Once you illustrate how much they really need you it gives her a better perspective and should help. She will start to care about others because she realizes if she doesn't treat people well she isn't going to get any help and maybe she'll come around if it's mood induced.

Then again, I was a laid back kid. I wouldn't have a clue what's going on in her mind even though I'm not far off in age. I never had an issue with hormones :panic

I know it sounds bad, but personally if my child did that I would have slapped them (that's what I would have gotten), and let them know it's not to be tolerated. But only if they were truly meaning it to be disrespectful, rather than a fleeing hormone induced mood (that later they are sorry for).

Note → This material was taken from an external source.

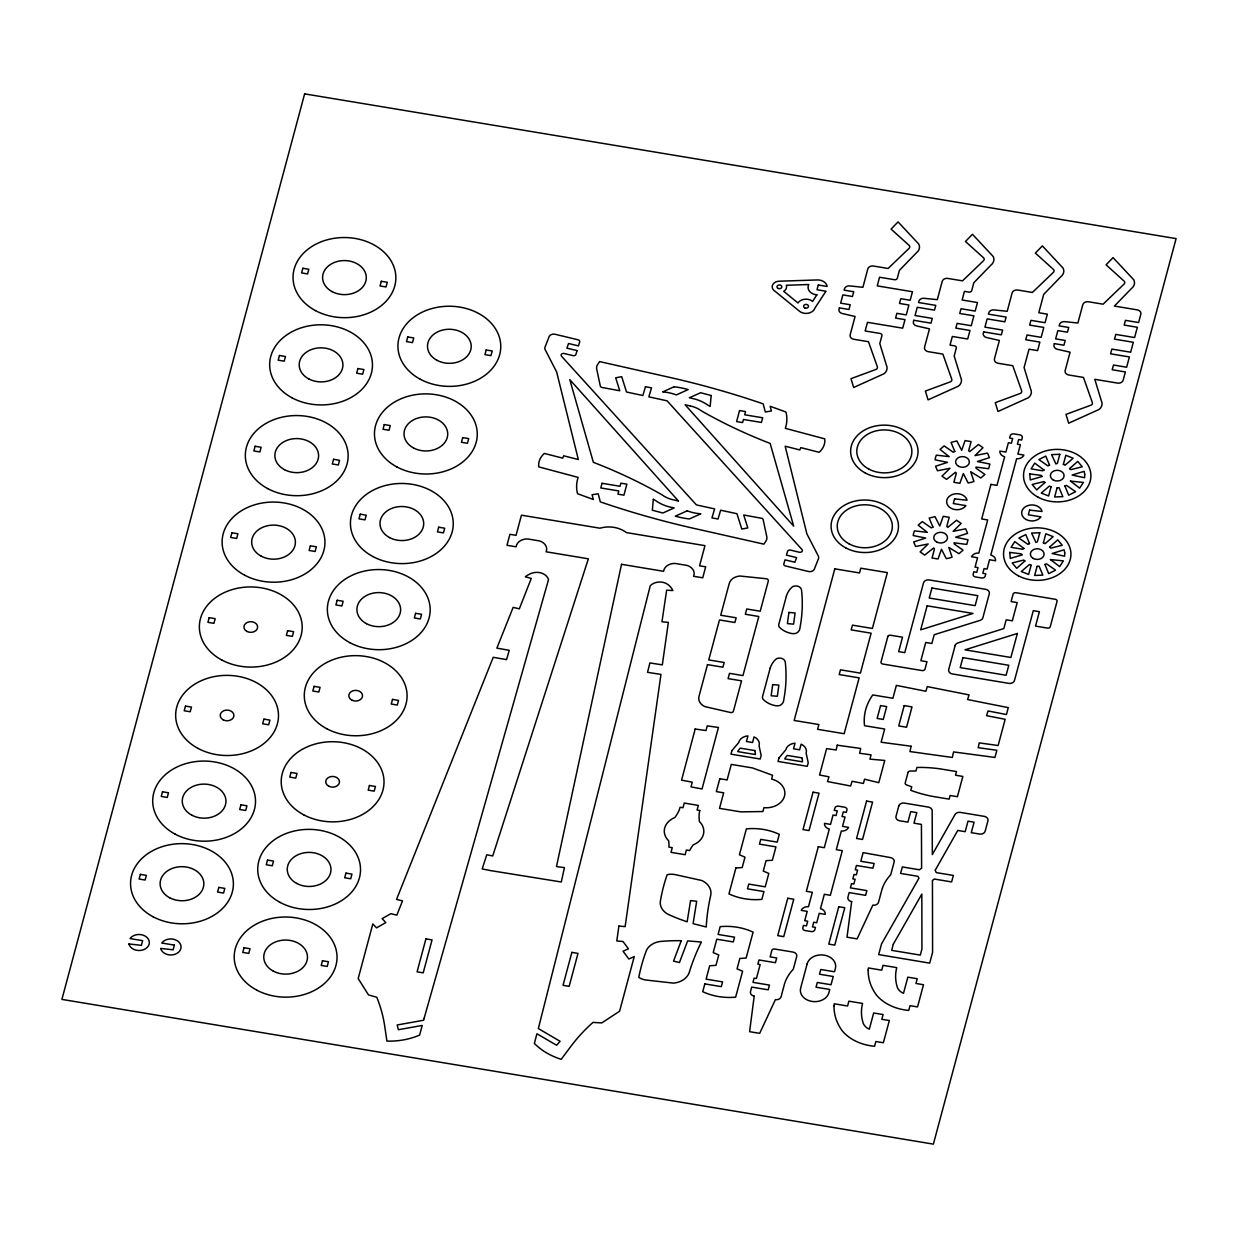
<?xml version="1.0" encoding="UTF-8"?>
<svg xmlns="http://www.w3.org/2000/svg" width="1238" height="1238" viewBox="0 0 1238 1238"><rect width="100%" height="100%" fill="white"/><g stroke="black" fill="none" stroke-linecap="round" stroke-linejoin="round"><path stroke-width="1.5" d="M128.938 943.96L141.411 945.337L142.664 940.663L130.067 938.574L130.547 937.955A10.291 8.016 0.5 0 1 146.842 937.29A10.291 8.016 0.5 0 1 143.5 949.747A10.291 8.016 0.5 0 1 128.922 943.96M932.941 527.109L931.332 527.914L922.279 521.6L918.194 525.144L927.308 532.355L914.48 530.87L913.659 533.176L913.226 535.543L925.684 538.066L913.69 541.95L915.609 546.5L928.144 543.977L920.113 551.885L924.693 555.088L933.684 547.954L934.473 548.929L932.044 557.998L938.048 558.988L941.468 549.27L946.265 558.663L949.236 558.075L952.084 557.193L948.803 547.413L958.986 553.696L963.071 550.152L954.204 543.946L954.08 542.786L966.77 544.426L968.023 539.768L955.581 537.23L967.574 533.346L965.655 528.812L953.121 531.319L961.137 523.426L956.572 520.223L947.813 527.373L946.791 526.367L949.221 517.298L943.217 516.308L939.797 526.026L935 516.633L929.165 518.103L932.941 527.109M954.792 451.39L953.198 452.21L944.145 445.897L940.06 449.44L949.159 456.652L936.346 455.151L935.526 457.456L935.092 459.824L947.55 462.362L935.557 466.246L937.476 470.78L949.995 468.274L941.979 476.166L946.559 479.369L955.55 472.235L956.324 473.226L953.894 482.294L959.899 483.284L963.334 473.566L968.131 482.959L971.103 482.371L973.95 481.474L970.669 471.709L980.836 477.992L984.922 474.448L976.055 468.227L975.946 467.082L988.636 468.722L989.889 464.049L977.432 461.526L989.425 457.642L987.522 453.093L974.987 455.615L983.003 447.707L978.438 444.504L969.679 451.669L968.658 450.647L971.087 441.595L965.083 440.589L961.663 450.323L956.85 440.929L951.032 442.399L954.792 451.39M1009.759 552.396L1010.285 558.4L1022.309 554.887L1021.04 553.835L1009.759 552.396M1029.753 473.937L1030.279 479.942L1042.303 476.429L1041.034 475.377L1029.753 473.937M1029.536 543.559L1027.942 544.364L1018.874 538.05L1025.776 534.568L1029.536 543.559M1044.934 564.466L1048.694 573.643L1055.581 570.145L1046.528 563.832L1044.934 564.466M1049.53 465.101L1047.921 465.906L1038.868 459.592L1045.754 456.095L1049.53 465.101M1064.912 486.008L1068.688 495.185L1075.574 491.687L1066.506 485.373L1064.912 486.008M1064.742 552.999L1064.634 556.218L1052.13 553.494L1064.169 549.796L1064.742 552.999M1084.736 474.525L1084.627 477.744L1072.123 475.036L1084.163 471.338L1084.736 474.525M699.733 810.519L699.13 814.186A66.295 51.671 0.5 0 0 699.408 821.552A19.762 15.398 0.5 0 1 693.141 844.904A65.846 51.315 0.5 0 0 689.612 850.552L686.378 850.026L685.125 854.7L671.011 852.348L672.265 847.674L668.953 847.132A70.272 54.766 0.5 0 0 668.69 840.834A19.762 15.398 0.5 0 1 674.942 817.498A70.752 55.137 0.5 0 0 678.919 810.828L680.111 807.269L682.974 807.733L684.227 803.06L698.34 805.412L697.087 810.085L699.733 810.519M834.056 1005.798L834.025 1006.479A62.07 48.375 0.5 0 0 842.444 1031.099A44.104 34.37 0.5 0 0 874.585 1046.249L875.854 1041.498L883.375 1042.752L889.333 1020.545L881.812 1019.307L883.081 1014.556L873.672 1012.994L869.324 1029.196A12.984 10.121 0.5 0 1 862.731 1021.551A56.886 44.336 0.5 0 1 862.577 1003.445L848.866 1001.171L847.566 1005.999L834.211 1003.786L834.056 1005.798M868.209 969.973L868.178 970.654A62.07 48.375 0.5 0 0 876.612 995.275A44.104 34.37 0.5 0 0 908.754 1010.409L910.023 1005.674L917.544 1006.912L923.502 984.721L915.965 983.467L917.25 978.732L907.841 977.169L903.492 993.371A12.984 10.121 0.5 0 1 896.885 985.727A56.886 44.336 0.5 0 1 896.745 967.621L883.034 965.346L881.735 970.174L868.38 967.946L868.209 969.973M653.339 499.301L652.333 510.211L662.872 513.012L674.122 507.951L670.717 507.209A36.722 28.613 0.5 0 1 655.536 500.539L653.339 499.301M711.169 395.526L710.163 406.435L707.966 405.197A36.722 28.613 0.5 0 0 692.769 398.543L689.365 397.785L700.631 392.725L711.169 395.526M1031.099 565.209L1028.639 574.447L1021.288 571.538L1029.382 564.528L1031.099 565.209M1043.386 542.817L1045.073 543.668L1053.167 536.673L1045.816 533.748L1043.386 542.817M1051.077 486.751L1048.632 495.989L1041.282 493.064L1049.375 486.07L1051.077 486.751M1063.38 464.358L1065.067 465.209L1073.16 458.215L1065.81 455.29L1063.38 464.358M754.205 996.11L749.594 1031.687L759.668 1033.359L775.406 999.639A4.797 3.745 0.5 0 0 781.085 996.745L783.917 986.16A52.073 40.591 0.5 0 1 793.279 969.246L796.699 956.51A4.797 3.745 0.5 0 0 792.97 952.068L774.57 949.004A2.306 1.795 0.5 0 0 771.862 950.397L770.129 956.881L776.706 957.964L775.452 962.7L758.987 959.961L757.857 964.201L760.147 964.588L756.418 978.5L754.112 978.128L752.983 982.368L769.448 985.092L768.179 989.827L751.714 987.088L750.491 991.669A4.797 3.745 0.5 0 0 754.205 996.11M851.651 901.62L847.024 937.197L857.114 938.868L872.836 905.148A4.797 3.745 0.5 0 0 878.516 902.27L881.363 891.67A52.073 40.591 0.5 0 1 890.726 874.755L894.13 862.019A4.797 3.745 0.5 0 0 890.416 857.578L863.134 852.642L860.812 861.261L874.152 863.49L872.883 868.209L856.417 865.486L855.288 869.71L857.578 870.097L856.309 874.848L854.019 874.461L852.827 878.887L855.118 879.274L853.849 884.025L851.558 883.638L850.413 887.878L866.879 890.617L865.61 895.337L849.16 892.598L847.922 897.179A4.797 3.745 0.5 0 0 851.651 901.62M772.682 684.583L771.181 695.756L777.356 696.282L778.857 685.109L772.682 684.583M788.916 612.439L787.414 623.612L793.589 624.138L795.09 612.965L788.916 612.439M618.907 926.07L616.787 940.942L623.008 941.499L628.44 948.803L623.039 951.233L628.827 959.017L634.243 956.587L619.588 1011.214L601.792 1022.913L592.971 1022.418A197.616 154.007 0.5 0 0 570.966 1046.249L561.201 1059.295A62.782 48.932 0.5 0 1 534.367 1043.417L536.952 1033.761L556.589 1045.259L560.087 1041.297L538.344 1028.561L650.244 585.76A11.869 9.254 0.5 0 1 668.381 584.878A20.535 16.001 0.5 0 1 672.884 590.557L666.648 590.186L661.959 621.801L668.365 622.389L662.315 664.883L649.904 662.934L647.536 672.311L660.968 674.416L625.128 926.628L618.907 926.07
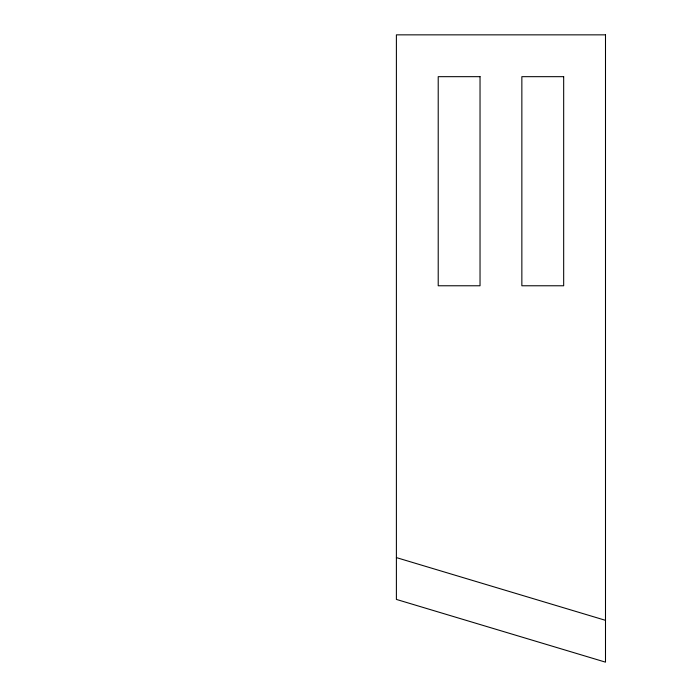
<?xml version="1.0" encoding="UTF-8"?>
<svg xmlns="http://www.w3.org/2000/svg" width="697" height="697" viewBox="0 0 697 697"><rect width="100%" height="100%" fill="white"/><g stroke="black" fill="none" stroke-linecap="round" stroke-linejoin="round"><path stroke-width="1.05" d="M396.393 557.6L605.493 620.33M605.493 34.85L396.393 34.85L396.393 599.42L605.493 662.15L605.493 34.85M480.033 76.67L438.213 76.67L438.213 285.77L480.033 285.77L480.033 76.67M563.673 76.67L521.853 76.67L521.853 285.77L563.673 285.77L563.673 76.67"/></g></svg>

My dad had some issues at a time. He'd nag and yell continuous for little things that didn't really matter (he'd taking medication for it now). I'd sit quietly and listen, and after he was done and appeared to calm down I'd ask, "Do you feel better now you got that off your chest?" Of course I had to be careful with my wording since he was my Dad after all. But it made him know he was over reacting. In public it can be disasterous to a reputation, teen or adult alike. Lol.

GreenEyedLady
March 6th, 2008, 09:35 PM
Hi everyone My 12 (almost 13) yr old dd is driving me nuts. She always wants to argue with me. She talks back - swears under her breath - Her behavior is totally unacceptable She has turned so mean. She is only happy when every thing is just going her way and she proudly admits she doesn;t care about other people only herself. She wasn't always like this it seems like all of a sudden she just flipped out I need advice -

They have GREAT wooden spoons at Bed Bath and Beyond. It works wonders for my daughter who is about the same age. It actually softens her. I don't know what it is, but God's word is true, spanking really does work.

Tammy
March 6th, 2008, 10:35 PM
terrilynn great advice. I have 16, 13 and 8 year old. It is the age but you still need to deal with it. The older they get the better it gets. My son is 16 and he is so much better now.